:: WORK TO BE COMPLETED ::
Using the entries below, write out the line with "from ezdxf.enums import", the line with "color=21, linetype='Continuous', lineweight=25)", and every line in between, exactly as each is written.

:: RAW DATA ::

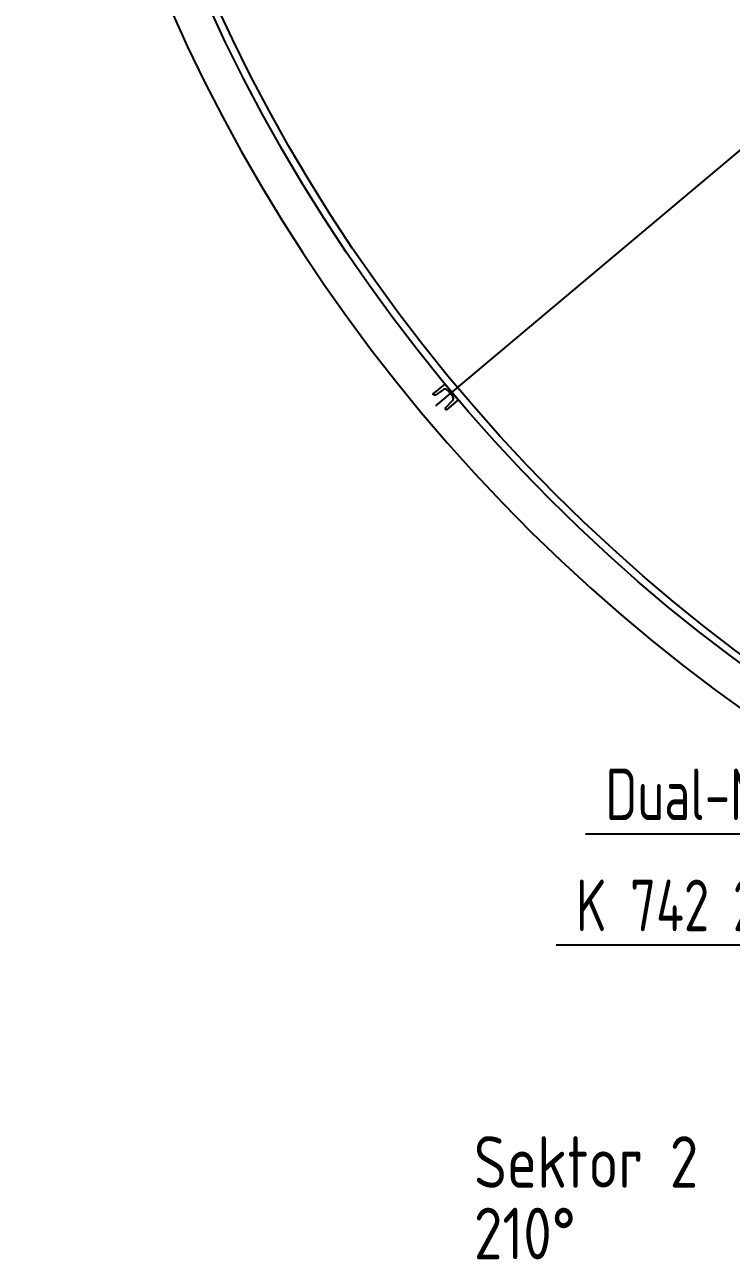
# Model space of a CAD drawing. Header units: millimetres. Extents: x -139278 to 641613, y -260926 to 217780.
# Drawn here: x 220610 to 222324, y -2959 to 32 of the extents above; entities that cross this region are included whole.
import ezdxf
from ezdxf.enums import TextEntityAlignment as Align

# ---------------------------------------------------------------- set-up
doc = ezdxf.new("R2010")
doc.units = ezdxf.units.MM
doc.layers.add('10_30_Sektorantenne_MHA', color=21, linetype='Continuous', lineweight=25)
doc.styles.add('ISOCP', font='ISOCP', dxfattribs={"width": 0.9})
doc.dimstyles.new('M_050', dxfattribs={"dimscale": 50, "dimtxt": 2.5, "dimasz": 2, "dimexe": 2, "dimexo": 2, "dimgap": 1, "dimtad": 1, "dimlfac": 0.001, "dimzin": 1, "dimdsep": 46, "dimtxsty": 'ISOCP', "dimblk": 'OBLIQUE', "dimcen": 2.5, "dimclrd": 256, "dimclre": 256, "dimclrt": 256, "dimadec": 0, "dimazin": 0, "dimtfac": 1, "dimtmove": 2, "dimatfit": 3, "dimfxl": 0, "dimtolj": 1, "dimtzin": 0, "dimarcsym": 0})

# ---------------------------------------------------------------- blocks, each defined once
blk = doc.blocks.new('_OBLIQUE')
at = {"color": 0, "linetype": 'ByBlock'}
blk.add_line((-0.5, -0.5), (0.5, 0.5), dxfattribs=at)
blk = doc.blocks.new('*D45')
at = {"lineweight": -2}
blk.add_arc((224746.8, 1744.4), 2209.6, 200.0004, 220.0004, dxfattribs=at)
at = {"layer": 'Defpoints', "color": 0}
for p in [(224746.8, 1744.4), (224746.8, 1744.4), (222772.2, 752.7), (220859.7, 329.6), (221606, -891.1)]:
    blk.add_point(p, dxfattribs=at)
at = {"lineweight": -2, "xscale": 100, "yscale": 100, "zscale": 100}
for p, rotation in [((222670.4, 988.6), 110.0003761266301), ((223054.1, 324.1), 310.0003761266408)]:
    blk.add_blockref('_OBLIQUE', p, dxfattribs=dict(at, rotation=rotation))
at = {"insert": (222930.6, 695.8), "char_height": 125, "attachment_point": 5, "rotation": 300.0004, "style": 'ISOCP'}
blk.add_mtext('\\A1;20°', dxfattribs=at)
blk = doc.blocks.new('*D46')
at = {"lineweight": -2}
blk.add_arc((224746.8, 1744.4), 2209.6, 220.0004, 240.0004, dxfattribs=at)
at = {"layer": 'Defpoints', "color": 0}
for p in [(224746.8, 1744.4), (224746.8, 1744.4), (223230.5, 137.2), (221606, -891.1), (222678.5, -1838)]:
    blk.add_point(p, dxfattribs=at)
at = {"lineweight": -2, "xscale": 100, "yscale": 100, "zscale": 100}
for p, rotation in [((223054.1, 324.1), 130.000376126735), ((223642, -169.2), 330.0003761267437)]:
    blk.add_blockref('_OBLIQUE', p, dxfattribs=dict(at, rotation=rotation))
at = {"insert": (223398.8, 137.9), "char_height": 125, "attachment_point": 5, "rotation": 320.0004, "style": 'ISOCP'}
blk.add_mtext('\\A1;20°', dxfattribs=at)

msp = doc.modelspace()

# ---------------------------------------------------------------- linework, layer by layer
at = {"ltscale": 10}
msp.add_line((224746.801, 1744.398), (221606.019, -891.032), dxfattribs=at)
msp.add_lwpolyline([(221632.43, -901.505), (221631.21, -900.051, -0.37930912), (221631.335, -895.41), (221647.818, -878.084, 0.37930912), (221648.068, -868.802), (221635.212, -853.481, 0.37930912), (221626.028, -852.116), (221606.103, -865.34, -0.37930912), (221601.512, -864.657), (221600.291, -863.203), (221629.401, -838.777), (221661.54, -877.079)], format="xyb", close=True)
for radius in [4048.5, 4030.5]:
    msp.add_circle((224746.801, 1744.398), radius)
at = {"ltscale": 4}
msp.add_arc((224746.801, 1744.398), 4136.576, 141.160381, 309.497963, dxfattribs=at)
at = {"layer": '10_30_Sektorantenne_MHA'}
for p, q in [((221970.418, -1928.315), (222644.908, -1928.315)), ((221898.865, -2197.436), (222573.355, -2197.436))]:
    msp.add_line(p, q, dxfattribs=at)

# ---------------------------------------------------------------- texts
at = {"layer": '10_30_Sektorantenne_MHA', "style": 'ISOCP', "width": 0.8}
for s, p in [('Dual-MHA', (222018.443, -1895.066)), ('K 742 215', (221946.889, -2164.187))]:
    msp.add_text(s, height=125, dxfattribs=at).set_placement(p)
at = {"layer": '10_30_Sektorantenne_MHA', "style": 'ISOCP', "width": 0.9}
for s, p in [('Sektor 2', (221699.512, -2823.32)), ('210°', (221699.512, -2996.652))]:
    msp.add_text(s, height=125, dxfattribs=at).set_placement(p, align=Align.BOTTOM_LEFT)

# ---------------------------------------------------------------- dimensions: what is measured, and where the dimension line sits
for base, line2, picture, middle in [((222772.207, 752.703), ((220859.7, 329.58), (224746.801, 1744.398)), '*D45', (222930.648, 695.825)), ((223230.469, 137.158), ((222678.537, -1837.996), (224746.801, 1744.398)), '*D46', (223398.808, 137.901))]:
    dim = msp.add_angular_dim_2l(base=base, line1=((221606.036, -891.052), (224746.801, 1744.398)), line2=line2, dimstyle='M_050')
    dim.commit()
    dim.dimension.update_dxf_attribs({"geometry": picture, "text_midpoint": middle})

doc.saveas('drawing.dxf')

:: OUTPUT OF THE TASK ::
from ezdxf.enums import TextEntityAlignment as Align

# ---------------------------------------------------------------- set-up
doc = ezdxf.new("R2010")
doc.units = ezdxf.units.MM
doc.layers.add('10_30_Sektorantenne_MHA', color=21, linetype='Continuous', lineweight=25)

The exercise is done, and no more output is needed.